━━━ Data supplied

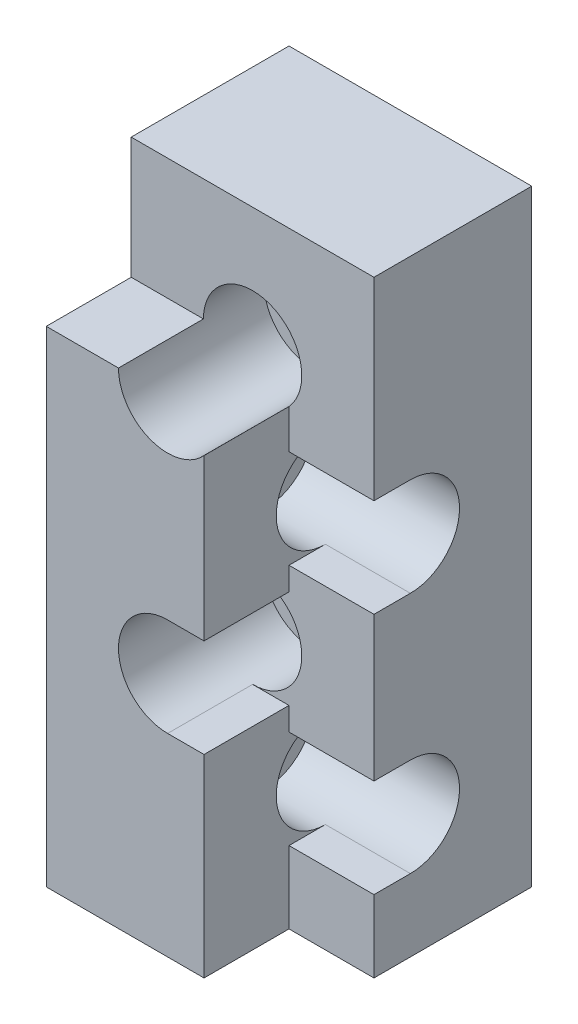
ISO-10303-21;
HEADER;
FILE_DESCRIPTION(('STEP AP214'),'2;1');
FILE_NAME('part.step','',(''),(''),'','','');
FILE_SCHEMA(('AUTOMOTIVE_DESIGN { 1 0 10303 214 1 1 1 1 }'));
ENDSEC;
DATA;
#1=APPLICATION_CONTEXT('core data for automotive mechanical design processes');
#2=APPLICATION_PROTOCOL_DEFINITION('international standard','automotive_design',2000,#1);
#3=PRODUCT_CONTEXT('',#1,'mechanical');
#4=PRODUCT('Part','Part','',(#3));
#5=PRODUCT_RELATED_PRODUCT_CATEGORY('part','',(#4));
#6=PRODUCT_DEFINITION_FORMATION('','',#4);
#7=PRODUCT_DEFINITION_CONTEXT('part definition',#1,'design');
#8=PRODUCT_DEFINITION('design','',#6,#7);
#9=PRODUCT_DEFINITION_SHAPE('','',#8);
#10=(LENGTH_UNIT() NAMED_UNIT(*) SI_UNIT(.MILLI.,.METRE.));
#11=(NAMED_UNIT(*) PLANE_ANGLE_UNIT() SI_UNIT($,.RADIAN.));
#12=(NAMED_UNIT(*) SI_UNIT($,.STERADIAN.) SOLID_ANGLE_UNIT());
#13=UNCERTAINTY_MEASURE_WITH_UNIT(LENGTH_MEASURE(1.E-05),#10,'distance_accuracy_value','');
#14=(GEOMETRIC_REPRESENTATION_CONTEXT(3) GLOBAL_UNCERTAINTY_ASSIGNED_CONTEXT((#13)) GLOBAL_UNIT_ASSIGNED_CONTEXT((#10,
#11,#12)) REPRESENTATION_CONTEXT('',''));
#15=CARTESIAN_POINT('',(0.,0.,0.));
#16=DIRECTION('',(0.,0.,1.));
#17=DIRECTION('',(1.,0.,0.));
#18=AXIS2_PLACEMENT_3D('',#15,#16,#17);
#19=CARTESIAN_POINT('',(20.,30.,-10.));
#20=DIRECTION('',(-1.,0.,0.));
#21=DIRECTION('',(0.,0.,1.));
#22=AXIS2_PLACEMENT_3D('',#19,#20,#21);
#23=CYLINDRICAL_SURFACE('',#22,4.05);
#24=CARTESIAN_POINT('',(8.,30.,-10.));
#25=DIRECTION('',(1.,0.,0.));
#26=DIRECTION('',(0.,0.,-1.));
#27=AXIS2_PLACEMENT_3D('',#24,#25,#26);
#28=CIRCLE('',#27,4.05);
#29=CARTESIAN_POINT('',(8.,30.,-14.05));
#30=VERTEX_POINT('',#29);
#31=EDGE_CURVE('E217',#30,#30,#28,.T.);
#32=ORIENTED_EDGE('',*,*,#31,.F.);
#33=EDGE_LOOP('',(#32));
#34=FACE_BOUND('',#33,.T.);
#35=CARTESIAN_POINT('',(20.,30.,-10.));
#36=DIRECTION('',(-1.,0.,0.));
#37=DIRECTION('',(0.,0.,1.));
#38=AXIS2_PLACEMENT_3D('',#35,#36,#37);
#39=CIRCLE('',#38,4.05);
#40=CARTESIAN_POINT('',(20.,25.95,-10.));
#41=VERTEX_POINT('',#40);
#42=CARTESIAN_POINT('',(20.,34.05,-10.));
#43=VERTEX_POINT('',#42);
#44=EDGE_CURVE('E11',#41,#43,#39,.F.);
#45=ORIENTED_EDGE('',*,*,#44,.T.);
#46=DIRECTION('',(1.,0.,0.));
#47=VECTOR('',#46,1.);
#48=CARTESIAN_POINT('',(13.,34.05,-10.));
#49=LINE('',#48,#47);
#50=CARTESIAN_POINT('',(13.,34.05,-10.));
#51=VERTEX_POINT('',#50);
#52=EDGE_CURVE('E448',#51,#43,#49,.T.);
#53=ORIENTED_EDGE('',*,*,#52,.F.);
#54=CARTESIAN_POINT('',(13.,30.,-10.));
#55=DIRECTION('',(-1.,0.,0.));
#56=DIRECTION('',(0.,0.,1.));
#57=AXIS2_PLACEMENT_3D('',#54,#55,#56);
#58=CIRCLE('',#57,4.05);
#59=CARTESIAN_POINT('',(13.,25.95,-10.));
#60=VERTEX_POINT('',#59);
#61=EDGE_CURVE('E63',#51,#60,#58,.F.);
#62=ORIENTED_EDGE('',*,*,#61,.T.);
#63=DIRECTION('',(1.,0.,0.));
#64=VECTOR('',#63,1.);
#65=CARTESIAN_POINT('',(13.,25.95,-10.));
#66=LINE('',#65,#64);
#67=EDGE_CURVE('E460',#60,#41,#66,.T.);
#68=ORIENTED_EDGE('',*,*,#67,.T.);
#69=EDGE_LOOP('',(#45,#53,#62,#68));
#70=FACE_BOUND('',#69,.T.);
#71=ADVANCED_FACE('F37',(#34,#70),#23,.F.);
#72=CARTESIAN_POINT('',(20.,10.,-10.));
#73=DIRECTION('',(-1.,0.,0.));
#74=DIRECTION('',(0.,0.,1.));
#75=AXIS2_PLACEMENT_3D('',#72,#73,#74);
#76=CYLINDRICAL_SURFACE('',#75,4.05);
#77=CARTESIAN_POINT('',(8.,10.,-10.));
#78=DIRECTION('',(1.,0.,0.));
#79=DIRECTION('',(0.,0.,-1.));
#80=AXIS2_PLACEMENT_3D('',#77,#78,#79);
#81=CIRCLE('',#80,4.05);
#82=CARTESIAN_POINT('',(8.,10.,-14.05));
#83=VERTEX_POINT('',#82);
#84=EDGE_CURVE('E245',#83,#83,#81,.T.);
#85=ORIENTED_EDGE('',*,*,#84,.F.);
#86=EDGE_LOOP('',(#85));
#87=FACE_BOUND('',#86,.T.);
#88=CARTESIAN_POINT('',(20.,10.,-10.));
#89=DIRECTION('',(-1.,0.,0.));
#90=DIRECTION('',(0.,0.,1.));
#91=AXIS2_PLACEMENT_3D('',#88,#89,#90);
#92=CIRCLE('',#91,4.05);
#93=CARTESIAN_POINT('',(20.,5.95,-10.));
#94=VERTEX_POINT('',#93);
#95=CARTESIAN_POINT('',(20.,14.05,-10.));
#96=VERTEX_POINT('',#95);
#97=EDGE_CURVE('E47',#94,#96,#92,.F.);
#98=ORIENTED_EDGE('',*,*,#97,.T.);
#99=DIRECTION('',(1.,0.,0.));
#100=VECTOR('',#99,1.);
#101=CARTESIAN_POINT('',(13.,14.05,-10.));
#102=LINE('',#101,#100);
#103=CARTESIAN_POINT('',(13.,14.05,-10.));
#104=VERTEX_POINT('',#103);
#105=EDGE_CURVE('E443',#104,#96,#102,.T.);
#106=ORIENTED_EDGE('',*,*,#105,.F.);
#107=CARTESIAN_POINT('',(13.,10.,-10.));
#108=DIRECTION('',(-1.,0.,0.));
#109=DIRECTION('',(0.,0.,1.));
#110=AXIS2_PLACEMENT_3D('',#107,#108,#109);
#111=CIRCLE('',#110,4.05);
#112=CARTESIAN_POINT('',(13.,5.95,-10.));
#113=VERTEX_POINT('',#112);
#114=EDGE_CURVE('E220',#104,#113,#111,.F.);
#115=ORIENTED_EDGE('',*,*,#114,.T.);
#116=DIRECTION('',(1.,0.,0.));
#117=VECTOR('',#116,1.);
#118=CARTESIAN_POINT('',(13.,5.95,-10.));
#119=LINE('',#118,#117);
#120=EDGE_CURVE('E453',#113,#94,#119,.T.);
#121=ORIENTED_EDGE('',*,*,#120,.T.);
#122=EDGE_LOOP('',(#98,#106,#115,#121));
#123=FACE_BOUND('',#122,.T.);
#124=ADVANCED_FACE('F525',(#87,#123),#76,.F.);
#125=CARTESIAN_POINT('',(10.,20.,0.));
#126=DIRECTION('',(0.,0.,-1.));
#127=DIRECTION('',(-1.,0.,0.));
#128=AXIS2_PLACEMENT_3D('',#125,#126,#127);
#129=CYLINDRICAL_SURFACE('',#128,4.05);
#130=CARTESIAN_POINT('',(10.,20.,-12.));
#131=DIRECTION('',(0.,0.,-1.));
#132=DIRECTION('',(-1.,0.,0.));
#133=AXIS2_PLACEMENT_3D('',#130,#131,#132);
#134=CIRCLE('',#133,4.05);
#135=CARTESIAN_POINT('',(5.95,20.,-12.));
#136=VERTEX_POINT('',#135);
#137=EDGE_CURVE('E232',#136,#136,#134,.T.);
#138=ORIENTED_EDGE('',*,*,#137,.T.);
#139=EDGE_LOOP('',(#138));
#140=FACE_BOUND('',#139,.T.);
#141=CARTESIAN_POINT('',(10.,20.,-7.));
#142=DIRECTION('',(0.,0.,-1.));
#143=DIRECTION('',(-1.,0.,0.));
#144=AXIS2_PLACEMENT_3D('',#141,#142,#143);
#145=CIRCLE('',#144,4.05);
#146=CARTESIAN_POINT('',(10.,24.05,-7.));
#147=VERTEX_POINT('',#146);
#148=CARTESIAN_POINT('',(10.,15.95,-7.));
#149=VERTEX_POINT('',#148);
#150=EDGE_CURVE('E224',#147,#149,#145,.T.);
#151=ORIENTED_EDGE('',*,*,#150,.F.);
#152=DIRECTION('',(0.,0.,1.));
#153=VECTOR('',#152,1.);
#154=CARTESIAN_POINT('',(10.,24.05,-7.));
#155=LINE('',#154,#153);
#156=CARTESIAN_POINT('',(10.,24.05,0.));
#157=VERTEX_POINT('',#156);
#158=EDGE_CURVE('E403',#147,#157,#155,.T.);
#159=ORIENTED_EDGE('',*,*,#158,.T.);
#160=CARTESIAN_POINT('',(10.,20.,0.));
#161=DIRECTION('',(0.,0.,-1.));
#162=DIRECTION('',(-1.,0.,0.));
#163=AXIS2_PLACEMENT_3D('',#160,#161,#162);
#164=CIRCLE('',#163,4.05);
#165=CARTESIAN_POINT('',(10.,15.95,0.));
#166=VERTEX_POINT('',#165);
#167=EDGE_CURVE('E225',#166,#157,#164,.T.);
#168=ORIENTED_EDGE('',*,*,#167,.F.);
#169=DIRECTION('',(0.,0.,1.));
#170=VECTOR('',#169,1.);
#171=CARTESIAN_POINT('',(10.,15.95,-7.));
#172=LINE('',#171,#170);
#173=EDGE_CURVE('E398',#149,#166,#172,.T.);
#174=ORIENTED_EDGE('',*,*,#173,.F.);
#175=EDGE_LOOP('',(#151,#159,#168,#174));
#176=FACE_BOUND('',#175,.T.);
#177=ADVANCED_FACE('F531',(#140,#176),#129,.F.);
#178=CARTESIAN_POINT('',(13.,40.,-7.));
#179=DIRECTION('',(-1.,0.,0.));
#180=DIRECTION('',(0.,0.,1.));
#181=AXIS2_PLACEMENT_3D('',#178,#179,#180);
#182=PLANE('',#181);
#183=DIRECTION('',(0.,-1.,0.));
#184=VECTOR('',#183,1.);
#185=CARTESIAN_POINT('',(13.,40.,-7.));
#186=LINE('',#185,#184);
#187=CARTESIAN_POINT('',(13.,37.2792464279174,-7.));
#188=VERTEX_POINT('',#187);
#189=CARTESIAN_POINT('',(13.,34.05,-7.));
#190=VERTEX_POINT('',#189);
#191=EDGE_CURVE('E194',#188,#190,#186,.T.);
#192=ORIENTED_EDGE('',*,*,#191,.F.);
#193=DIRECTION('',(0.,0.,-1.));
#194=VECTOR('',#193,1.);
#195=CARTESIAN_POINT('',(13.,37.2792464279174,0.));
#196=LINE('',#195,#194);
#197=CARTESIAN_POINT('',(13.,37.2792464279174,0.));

━━━━━━

• [Assignment]: Each line from the first line of the entries through the line containing "#26=DIRECTION('',(0.,0.,-1.));" should be duplicated word for word, and nothing more; the pictures stay out.

• [Answer to this task]:
ISO-10303-21;
HEADER;
FILE_DESCRIPTION(('STEP AP214'),'2;1');
FILE_NAME('part.step','',(''),(''),'','','');
FILE_SCHEMA(('AUTOMOTIVE_DESIGN { 1 0 10303 214 1 1 1 1 }'));
ENDSEC;
DATA;
#1=APPLICATION_CONTEXT('core data for automotive mechanical design processes');
#2=APPLICATION_PROTOCOL_DEFINITION('international standard','automotive_design',2000,#1);
#3=PRODUCT_CONTEXT('',#1,'mechanical');
#4=PRODUCT('Part','Part','',(#3));
#5=PRODUCT_RELATED_PRODUCT_CATEGORY('part','',(#4));
#6=PRODUCT_DEFINITION_FORMATION('','',#4);
#7=PRODUCT_DEFINITION_CONTEXT('part definition',#1,'design');
#8=PRODUCT_DEFINITION('design','',#6,#7);
#9=PRODUCT_DEFINITION_SHAPE('','',#8);
#10=(LENGTH_UNIT() NAMED_UNIT(*) SI_UNIT(.MILLI.,.METRE.));
#11=(NAMED_UNIT(*) PLANE_ANGLE_UNIT() SI_UNIT($,.RADIAN.));
#12=(NAMED_UNIT(*) SI_UNIT($,.STERADIAN.) SOLID_ANGLE_UNIT());
#13=UNCERTAINTY_MEASURE_WITH_UNIT(LENGTH_MEASURE(1.E-05),#10,'distance_accuracy_value','');
#14=(GEOMETRIC_REPRESENTATION_CONTEXT(3) GLOBAL_UNCERTAINTY_ASSIGNED_CONTEXT((#13)) GLOBAL_UNIT_ASSIGNED_CONTEXT((#10,
#11,#12)) REPRESENTATION_CONTEXT('',''));
#15=CARTESIAN_POINT('',(0.,0.,0.));
#16=DIRECTION('',(0.,0.,1.));
#17=DIRECTION('',(1.,0.,0.));
#18=AXIS2_PLACEMENT_3D('',#15,#16,#17);
#19=CARTESIAN_POINT('',(20.,30.,-10.));
#20=DIRECTION('',(-1.,0.,0.));
#21=DIRECTION('',(0.,0.,1.));
#22=AXIS2_PLACEMENT_3D('',#19,#20,#21);
#23=CYLINDRICAL_SURFACE('',#22,4.05);
#24=CARTESIAN_POINT('',(8.,30.,-10.));
#25=DIRECTION('',(1.,0.,0.));
#26=DIRECTION('',(0.,0.,-1.));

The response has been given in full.